Barsch-Guru schrieb:


> @ Die ganzen Äffchen
> 
> was/wer seid ihr? Ist das ne neue Boardverschwörungsgruppe oder was? Sorry fürs offtopic, musste allerdings jetzt mal fragen weil mittlerweile der 4. andersfarbige Affe aufgetaucht ist! Könnt ihr mich kurz aufklären?! Oder ist das wieder ein geheimer Geheimbund?
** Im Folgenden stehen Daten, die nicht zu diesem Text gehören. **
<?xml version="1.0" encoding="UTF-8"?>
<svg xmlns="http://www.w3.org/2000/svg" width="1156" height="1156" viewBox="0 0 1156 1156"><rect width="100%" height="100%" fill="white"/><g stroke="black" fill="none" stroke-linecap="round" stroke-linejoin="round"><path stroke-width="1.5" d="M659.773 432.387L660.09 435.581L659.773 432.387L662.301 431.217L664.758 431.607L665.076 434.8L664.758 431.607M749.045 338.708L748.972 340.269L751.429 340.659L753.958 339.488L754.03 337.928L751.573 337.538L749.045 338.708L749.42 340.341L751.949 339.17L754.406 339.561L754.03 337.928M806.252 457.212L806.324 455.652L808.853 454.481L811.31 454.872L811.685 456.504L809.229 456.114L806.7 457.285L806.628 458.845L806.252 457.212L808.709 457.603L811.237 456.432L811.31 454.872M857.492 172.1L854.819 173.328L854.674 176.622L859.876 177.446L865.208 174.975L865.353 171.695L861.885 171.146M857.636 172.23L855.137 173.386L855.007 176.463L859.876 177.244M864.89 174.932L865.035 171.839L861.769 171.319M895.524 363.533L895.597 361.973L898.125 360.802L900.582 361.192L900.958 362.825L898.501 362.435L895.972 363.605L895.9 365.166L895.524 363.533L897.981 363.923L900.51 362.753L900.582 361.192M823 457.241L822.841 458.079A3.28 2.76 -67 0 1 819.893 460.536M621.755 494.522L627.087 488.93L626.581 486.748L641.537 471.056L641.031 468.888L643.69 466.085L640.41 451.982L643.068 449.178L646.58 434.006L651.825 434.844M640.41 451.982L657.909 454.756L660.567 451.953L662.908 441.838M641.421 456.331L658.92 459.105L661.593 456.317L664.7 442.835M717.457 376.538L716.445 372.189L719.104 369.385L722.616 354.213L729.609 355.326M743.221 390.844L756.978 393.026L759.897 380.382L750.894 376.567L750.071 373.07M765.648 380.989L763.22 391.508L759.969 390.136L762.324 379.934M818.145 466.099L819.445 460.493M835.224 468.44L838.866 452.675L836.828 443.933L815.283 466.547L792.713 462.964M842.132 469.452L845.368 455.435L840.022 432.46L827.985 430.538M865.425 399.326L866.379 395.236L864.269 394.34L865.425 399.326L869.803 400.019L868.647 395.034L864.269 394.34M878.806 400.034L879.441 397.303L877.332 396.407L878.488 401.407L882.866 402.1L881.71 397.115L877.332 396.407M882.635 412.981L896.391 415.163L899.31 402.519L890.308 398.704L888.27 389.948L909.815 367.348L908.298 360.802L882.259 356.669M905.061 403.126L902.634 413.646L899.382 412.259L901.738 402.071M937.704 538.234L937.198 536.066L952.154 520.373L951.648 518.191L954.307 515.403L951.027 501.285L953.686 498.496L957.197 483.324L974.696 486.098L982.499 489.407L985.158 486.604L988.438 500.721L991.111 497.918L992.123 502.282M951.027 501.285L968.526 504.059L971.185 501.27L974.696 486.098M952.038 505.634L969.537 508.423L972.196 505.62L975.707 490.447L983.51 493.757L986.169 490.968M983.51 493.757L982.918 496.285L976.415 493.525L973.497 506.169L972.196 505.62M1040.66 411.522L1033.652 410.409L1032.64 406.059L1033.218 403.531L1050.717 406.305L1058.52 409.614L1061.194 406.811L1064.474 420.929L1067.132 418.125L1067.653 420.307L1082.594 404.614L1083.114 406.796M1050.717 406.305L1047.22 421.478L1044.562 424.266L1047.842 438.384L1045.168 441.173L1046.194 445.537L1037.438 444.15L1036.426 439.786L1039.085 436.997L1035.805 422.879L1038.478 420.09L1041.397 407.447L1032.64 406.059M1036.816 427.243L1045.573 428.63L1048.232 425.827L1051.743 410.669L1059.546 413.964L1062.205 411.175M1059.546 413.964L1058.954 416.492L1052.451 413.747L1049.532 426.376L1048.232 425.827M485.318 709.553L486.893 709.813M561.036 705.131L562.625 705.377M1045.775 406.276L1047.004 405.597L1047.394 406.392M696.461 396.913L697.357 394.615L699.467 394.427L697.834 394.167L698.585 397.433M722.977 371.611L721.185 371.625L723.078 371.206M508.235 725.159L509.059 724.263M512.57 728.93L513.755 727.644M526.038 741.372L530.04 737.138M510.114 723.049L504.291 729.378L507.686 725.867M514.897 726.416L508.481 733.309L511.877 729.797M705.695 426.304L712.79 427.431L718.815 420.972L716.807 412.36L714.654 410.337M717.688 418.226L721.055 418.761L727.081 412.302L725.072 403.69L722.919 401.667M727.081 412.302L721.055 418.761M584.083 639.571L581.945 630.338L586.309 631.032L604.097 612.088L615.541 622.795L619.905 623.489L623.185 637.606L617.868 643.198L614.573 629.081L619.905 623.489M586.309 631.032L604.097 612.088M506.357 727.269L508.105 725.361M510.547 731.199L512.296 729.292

gut das du die frage stellst, wundere mich auch schon ein wenig über die " affenbande"  ( nicht bös gemeint)
geheimer geheimbund ??? sollten geheime geheimbunde nicht immer geheim sein |supergri?


----------



## Schleien-Stefan (2. März 2010)

*AW: Der "Finger weg von dieser Schnur"-Thread*



Barsch-Guru schrieb:


> Oder ist das wieder ein geheimer Geheimbund?



So ist es! #6


Quatsch, wir sind nur ein paar Jungs die sich kennen und ab und an gemeinsam angeln und ein gemeinsames Hobby haben, so wie andere hier ihre Signaturen ja auch mit Raubfischteam XYZ und ähnlichem haben, haben wir eben teilweise ein gemeinsames Benutzerlogo... Alles locker, wir werden nicht direkt die Welt übernehmen...


----------



## fishingexpert87 (2. März 2010)

*AW: Der "Finger weg von dieser Schnur"-Thread*

:q

geil die ganzen äffchen meinter  



Barsch-Guru schrieb:


> @ Die ganzen Äffchen
> 
> was/wer seid ihr? Ist das ne neue Boardverschwörungsgruppe oder was? Sorry fürs offtopic, musste allerdings jetzt mal fragen weil mittlerweile der 4. andersfarbige Affe aufgetaucht ist! Könnt ihr mich kurz aufklären?! Oder ist das wieder ein geheimer Geheimbund?


----------



## Denni_Lo (2. März 2010)

*AW: Der "Finger weg von dieser Schnur"-Thread*



fishingexpert87 schrieb:


> :q
> 
> geil die ganzen äffchen meinter



Was für ein Ding? Bitte im klaren Kontext darstellen, ansonsten versehe ich nichts.


----------



## Knispel (2. März 2010)

*AW: Der "Finger weg von dieser Schnur"-Thread*

Ne Mono von Giga- Fisch, konnte man vergessen. Wie Stahldraht. Habe aber letztlich meine Schnur ( fische nur Mono ) gefunden und dabei bleib ich.


----------



## Hufi96 (2. März 2010)

*AW: Der "Finger weg von dieser Schnur"-Thread*



angelspezi82 schrieb:


> im Prinzip sind wir - alle mit dem Affenlogo - begeisterte Forellenangler



Hier mal in Farbe http://bentlyr.files.wordpress.com/2008/04/orangutan-fishing1.jpg #6

Zu den Schnüren, ich hatte vor zwei Jahren mal eine geflochtene von Balzer, ich meine Iron Line hieß die. Das war mit Abstand das schlimmste was ich auf der Spule hatte. Platt, breit, locker geflochten, sofort ausgeblichen und Perrückenträchtig, nur die Tragkraft war ok.


----------



## WickedWalleye (2. März 2010)

*AW: Der "Finger weg von dieser Schnur"-Thread*



Hufi96 schrieb:


> Hier mal in Farbe http://bentlyr.files.wordpress.com/2008/04/orangutan-fishing1.jpg #6



:vik: Geiöl!!!


----------



## Promachos (2. März 2010)

*AW: Der "Finger weg von dieser Schnur"-Thread*

Hallo!

Nie wieder Fireline: bleicht schnell aus und rauht (verdammt: Schreibt man das jetzt mit oder ohne "h"?) noch schneller auf.

Gruß Promachos


----------



## Hackersepp (2. März 2010)

*AW: Der "Finger weg von dieser Schnur"-Thread*

Whiplash chrystal - 

Ich habe die Schnur mal bei einem Gewinnspiel gewonnen. Saugt sich mit der Zeit voll und franst sehr schnell auf. 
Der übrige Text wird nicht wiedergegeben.